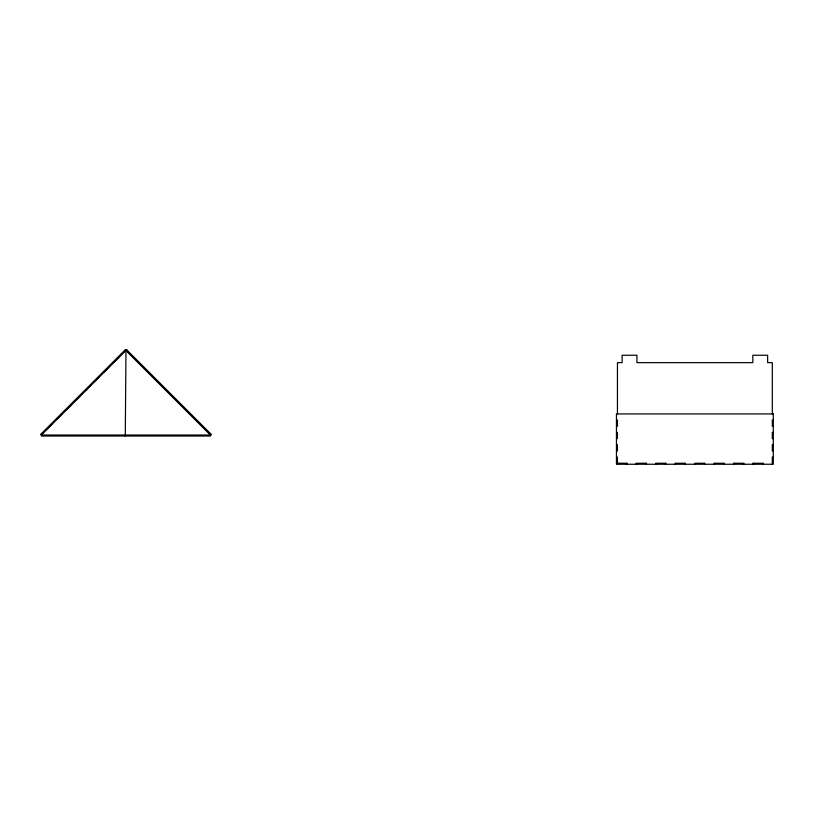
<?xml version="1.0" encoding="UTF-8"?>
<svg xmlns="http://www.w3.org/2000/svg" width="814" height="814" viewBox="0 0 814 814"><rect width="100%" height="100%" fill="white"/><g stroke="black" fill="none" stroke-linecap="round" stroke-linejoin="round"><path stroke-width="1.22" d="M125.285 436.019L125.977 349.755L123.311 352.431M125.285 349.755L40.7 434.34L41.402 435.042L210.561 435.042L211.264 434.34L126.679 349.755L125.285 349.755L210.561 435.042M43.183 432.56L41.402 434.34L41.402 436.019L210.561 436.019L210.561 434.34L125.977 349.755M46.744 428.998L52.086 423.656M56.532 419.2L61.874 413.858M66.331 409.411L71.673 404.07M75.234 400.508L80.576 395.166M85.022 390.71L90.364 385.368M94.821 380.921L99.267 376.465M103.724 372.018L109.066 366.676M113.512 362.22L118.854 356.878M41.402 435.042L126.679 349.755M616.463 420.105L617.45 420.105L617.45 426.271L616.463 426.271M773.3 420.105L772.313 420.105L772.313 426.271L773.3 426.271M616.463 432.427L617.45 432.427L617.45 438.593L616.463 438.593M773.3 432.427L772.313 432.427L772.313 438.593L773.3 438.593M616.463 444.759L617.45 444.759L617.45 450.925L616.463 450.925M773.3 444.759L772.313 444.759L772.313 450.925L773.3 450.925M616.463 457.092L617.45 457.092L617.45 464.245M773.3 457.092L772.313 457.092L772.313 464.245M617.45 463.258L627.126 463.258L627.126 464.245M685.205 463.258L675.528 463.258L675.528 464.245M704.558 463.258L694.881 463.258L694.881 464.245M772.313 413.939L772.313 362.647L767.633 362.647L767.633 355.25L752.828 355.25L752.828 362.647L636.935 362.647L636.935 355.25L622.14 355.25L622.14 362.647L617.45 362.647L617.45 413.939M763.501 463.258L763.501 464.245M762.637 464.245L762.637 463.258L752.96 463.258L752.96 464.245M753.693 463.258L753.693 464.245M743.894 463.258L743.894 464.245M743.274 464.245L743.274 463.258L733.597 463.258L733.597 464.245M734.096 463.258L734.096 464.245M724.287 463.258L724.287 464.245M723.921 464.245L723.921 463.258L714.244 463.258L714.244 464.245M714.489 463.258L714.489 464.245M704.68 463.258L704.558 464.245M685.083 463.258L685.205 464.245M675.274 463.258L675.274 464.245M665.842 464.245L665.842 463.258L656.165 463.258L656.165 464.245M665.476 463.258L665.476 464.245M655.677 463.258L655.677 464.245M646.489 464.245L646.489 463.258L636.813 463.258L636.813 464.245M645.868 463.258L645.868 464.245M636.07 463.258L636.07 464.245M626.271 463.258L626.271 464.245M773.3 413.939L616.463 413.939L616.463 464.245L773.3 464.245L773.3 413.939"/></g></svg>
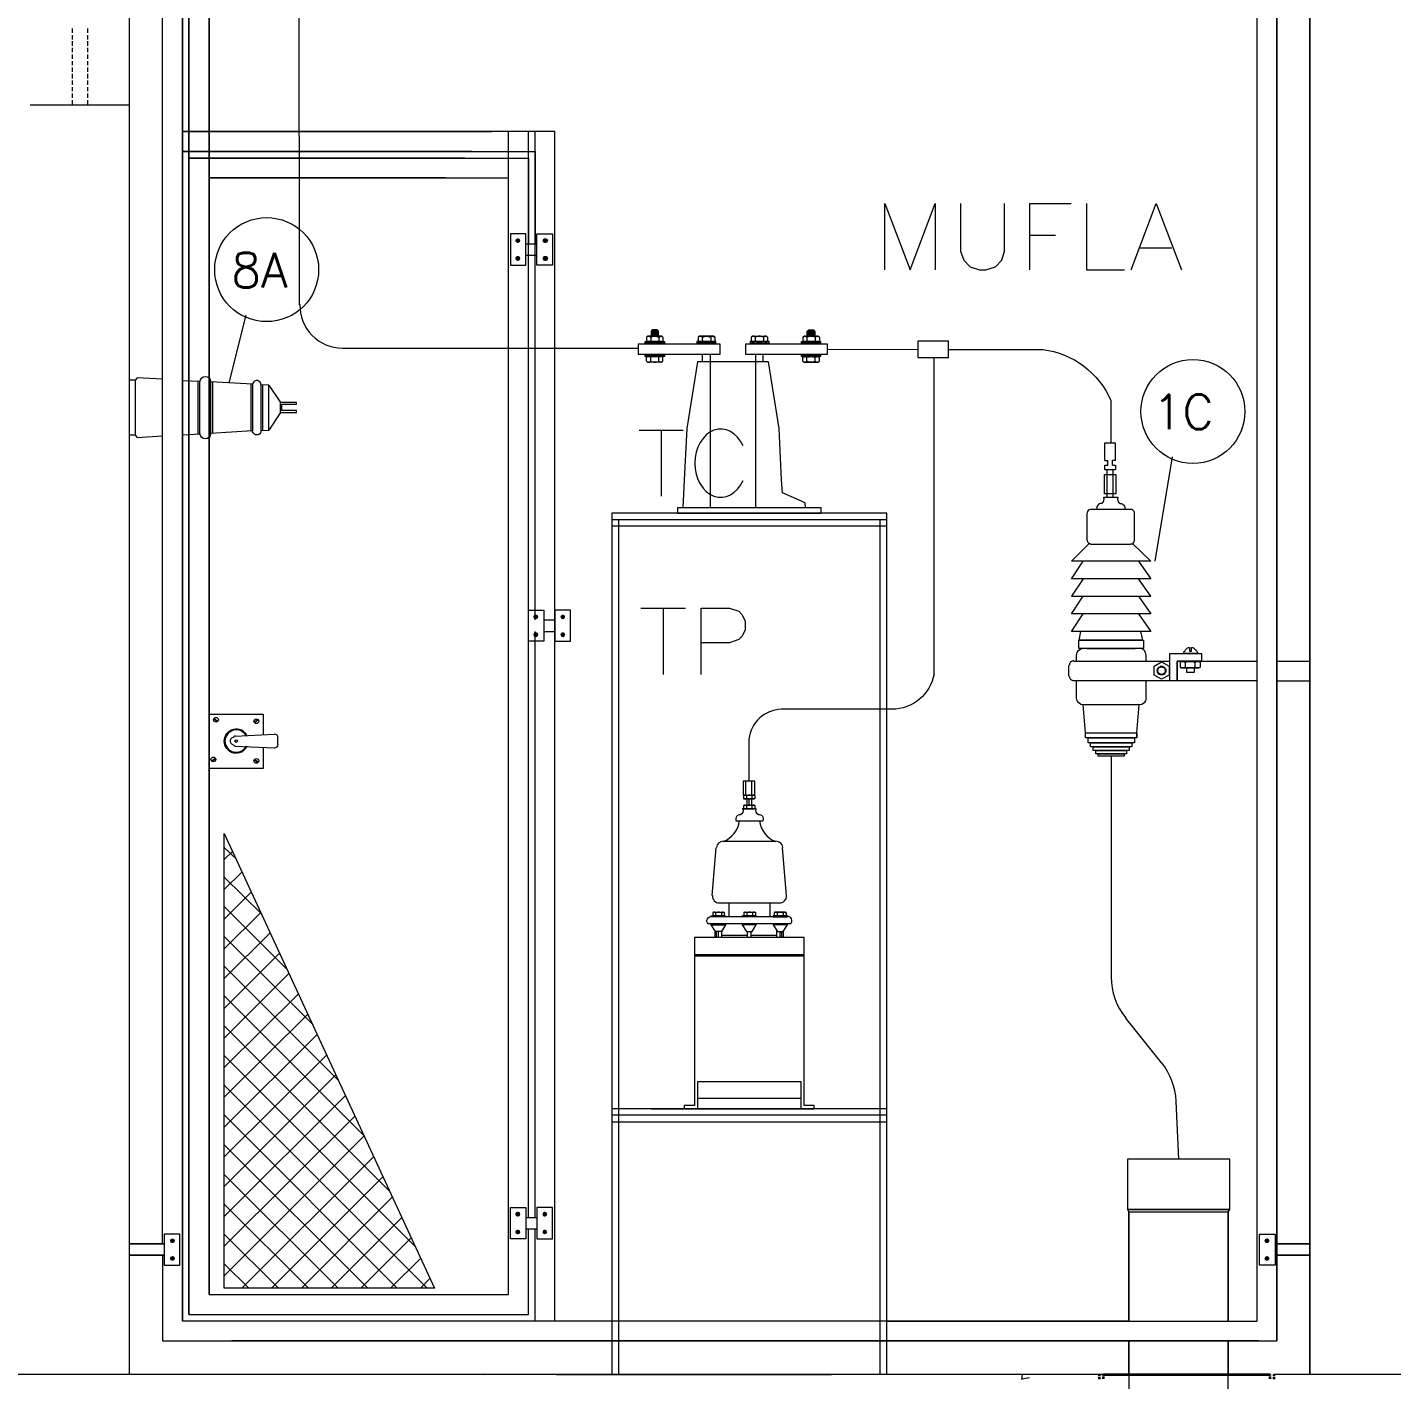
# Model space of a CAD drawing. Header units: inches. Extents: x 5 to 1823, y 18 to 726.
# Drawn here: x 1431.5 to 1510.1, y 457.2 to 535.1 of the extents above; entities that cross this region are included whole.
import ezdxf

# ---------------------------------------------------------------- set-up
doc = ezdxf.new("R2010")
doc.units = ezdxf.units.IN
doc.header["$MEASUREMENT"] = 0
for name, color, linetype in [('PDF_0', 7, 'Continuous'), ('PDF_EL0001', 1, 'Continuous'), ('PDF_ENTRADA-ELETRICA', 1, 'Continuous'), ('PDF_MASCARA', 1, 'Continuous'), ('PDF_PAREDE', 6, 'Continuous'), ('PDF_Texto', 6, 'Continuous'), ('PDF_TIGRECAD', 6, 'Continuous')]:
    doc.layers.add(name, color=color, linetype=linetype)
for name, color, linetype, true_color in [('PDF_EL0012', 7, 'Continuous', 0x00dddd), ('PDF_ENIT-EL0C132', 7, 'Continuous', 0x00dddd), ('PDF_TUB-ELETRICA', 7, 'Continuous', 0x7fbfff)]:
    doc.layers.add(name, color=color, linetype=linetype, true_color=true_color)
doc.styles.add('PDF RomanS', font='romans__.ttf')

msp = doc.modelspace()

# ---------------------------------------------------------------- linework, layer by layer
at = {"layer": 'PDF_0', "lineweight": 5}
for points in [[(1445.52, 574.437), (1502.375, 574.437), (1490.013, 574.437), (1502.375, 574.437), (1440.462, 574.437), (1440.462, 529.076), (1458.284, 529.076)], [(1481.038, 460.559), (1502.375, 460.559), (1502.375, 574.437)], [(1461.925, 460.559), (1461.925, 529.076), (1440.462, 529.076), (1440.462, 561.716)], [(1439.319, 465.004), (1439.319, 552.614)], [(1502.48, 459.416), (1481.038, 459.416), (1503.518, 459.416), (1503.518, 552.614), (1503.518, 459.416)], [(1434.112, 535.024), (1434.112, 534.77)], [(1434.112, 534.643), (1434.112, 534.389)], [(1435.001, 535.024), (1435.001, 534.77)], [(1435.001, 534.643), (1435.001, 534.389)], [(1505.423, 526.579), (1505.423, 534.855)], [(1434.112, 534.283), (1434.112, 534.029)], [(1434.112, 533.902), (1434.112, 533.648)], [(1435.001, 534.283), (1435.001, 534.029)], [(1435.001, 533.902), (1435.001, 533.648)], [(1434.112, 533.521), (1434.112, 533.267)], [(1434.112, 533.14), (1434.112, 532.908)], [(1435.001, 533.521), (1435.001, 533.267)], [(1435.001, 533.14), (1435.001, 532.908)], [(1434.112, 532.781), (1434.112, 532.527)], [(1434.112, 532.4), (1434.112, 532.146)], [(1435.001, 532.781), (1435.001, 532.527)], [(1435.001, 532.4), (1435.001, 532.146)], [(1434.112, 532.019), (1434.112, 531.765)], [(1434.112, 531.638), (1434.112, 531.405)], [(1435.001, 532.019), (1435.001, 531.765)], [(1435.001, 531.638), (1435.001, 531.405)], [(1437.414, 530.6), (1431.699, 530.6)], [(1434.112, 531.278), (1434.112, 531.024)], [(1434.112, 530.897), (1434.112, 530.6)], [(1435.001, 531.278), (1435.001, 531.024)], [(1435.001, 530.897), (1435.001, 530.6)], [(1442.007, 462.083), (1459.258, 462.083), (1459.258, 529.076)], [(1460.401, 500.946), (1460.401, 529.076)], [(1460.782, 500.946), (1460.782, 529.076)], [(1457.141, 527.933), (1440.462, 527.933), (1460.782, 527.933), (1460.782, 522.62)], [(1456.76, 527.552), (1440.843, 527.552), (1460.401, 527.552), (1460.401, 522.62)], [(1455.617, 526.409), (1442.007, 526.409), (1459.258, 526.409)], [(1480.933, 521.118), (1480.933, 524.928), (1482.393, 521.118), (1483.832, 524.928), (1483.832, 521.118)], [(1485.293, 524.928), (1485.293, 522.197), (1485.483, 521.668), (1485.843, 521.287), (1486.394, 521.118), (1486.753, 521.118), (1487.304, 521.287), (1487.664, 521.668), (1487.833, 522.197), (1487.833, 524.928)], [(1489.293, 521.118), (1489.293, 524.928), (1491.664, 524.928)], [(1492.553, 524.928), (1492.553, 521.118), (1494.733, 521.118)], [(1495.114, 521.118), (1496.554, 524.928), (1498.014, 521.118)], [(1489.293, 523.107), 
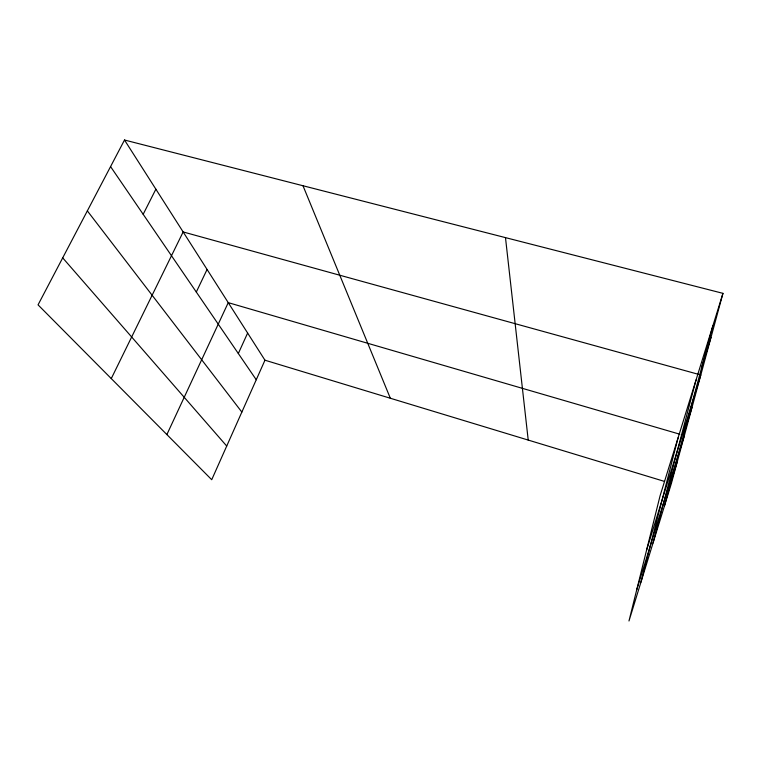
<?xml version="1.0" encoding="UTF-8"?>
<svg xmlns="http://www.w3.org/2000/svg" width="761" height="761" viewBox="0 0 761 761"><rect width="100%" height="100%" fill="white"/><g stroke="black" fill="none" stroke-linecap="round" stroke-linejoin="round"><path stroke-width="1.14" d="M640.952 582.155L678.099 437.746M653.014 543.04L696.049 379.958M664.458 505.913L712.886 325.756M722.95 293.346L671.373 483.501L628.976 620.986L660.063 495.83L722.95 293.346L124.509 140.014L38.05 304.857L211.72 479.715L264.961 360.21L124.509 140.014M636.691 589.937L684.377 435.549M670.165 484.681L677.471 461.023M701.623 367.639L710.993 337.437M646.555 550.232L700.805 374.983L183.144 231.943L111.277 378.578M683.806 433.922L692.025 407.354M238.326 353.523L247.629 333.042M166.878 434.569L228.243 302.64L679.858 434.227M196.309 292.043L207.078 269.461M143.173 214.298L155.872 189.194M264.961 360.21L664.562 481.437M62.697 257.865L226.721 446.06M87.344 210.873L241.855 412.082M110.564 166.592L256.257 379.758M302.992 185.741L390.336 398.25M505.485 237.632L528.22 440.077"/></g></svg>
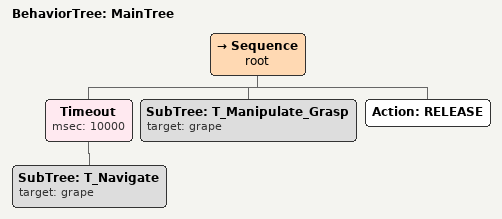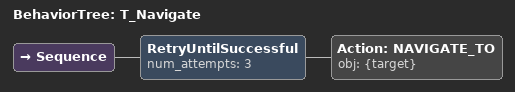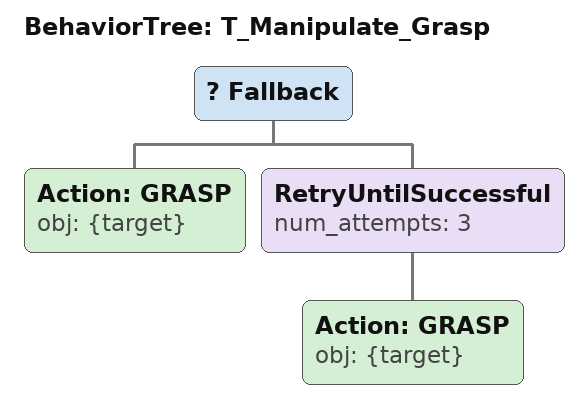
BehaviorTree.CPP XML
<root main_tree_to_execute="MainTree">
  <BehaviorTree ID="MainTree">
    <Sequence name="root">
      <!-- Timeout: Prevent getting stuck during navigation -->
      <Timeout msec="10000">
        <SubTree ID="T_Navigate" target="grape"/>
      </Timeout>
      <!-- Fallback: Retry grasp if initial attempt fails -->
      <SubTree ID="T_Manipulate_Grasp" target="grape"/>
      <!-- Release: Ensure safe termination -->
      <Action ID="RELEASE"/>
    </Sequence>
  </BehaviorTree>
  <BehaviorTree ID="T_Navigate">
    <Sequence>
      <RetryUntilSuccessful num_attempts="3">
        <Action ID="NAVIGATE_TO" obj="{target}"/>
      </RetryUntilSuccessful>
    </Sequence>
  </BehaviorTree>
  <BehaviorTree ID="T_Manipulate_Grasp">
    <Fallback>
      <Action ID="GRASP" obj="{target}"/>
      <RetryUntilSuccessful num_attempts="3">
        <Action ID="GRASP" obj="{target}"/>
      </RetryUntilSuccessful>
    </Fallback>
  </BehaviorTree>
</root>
◆ ◆ ◆
### EXERCISE BRIEF
Check each line of the data for "ezdxf". Copy the lines where it turns up.

### WRITTEN SOLUTION
import ezdxf
doc = ezdxf.new("R2010")
doc.units = ezdxf.units.IN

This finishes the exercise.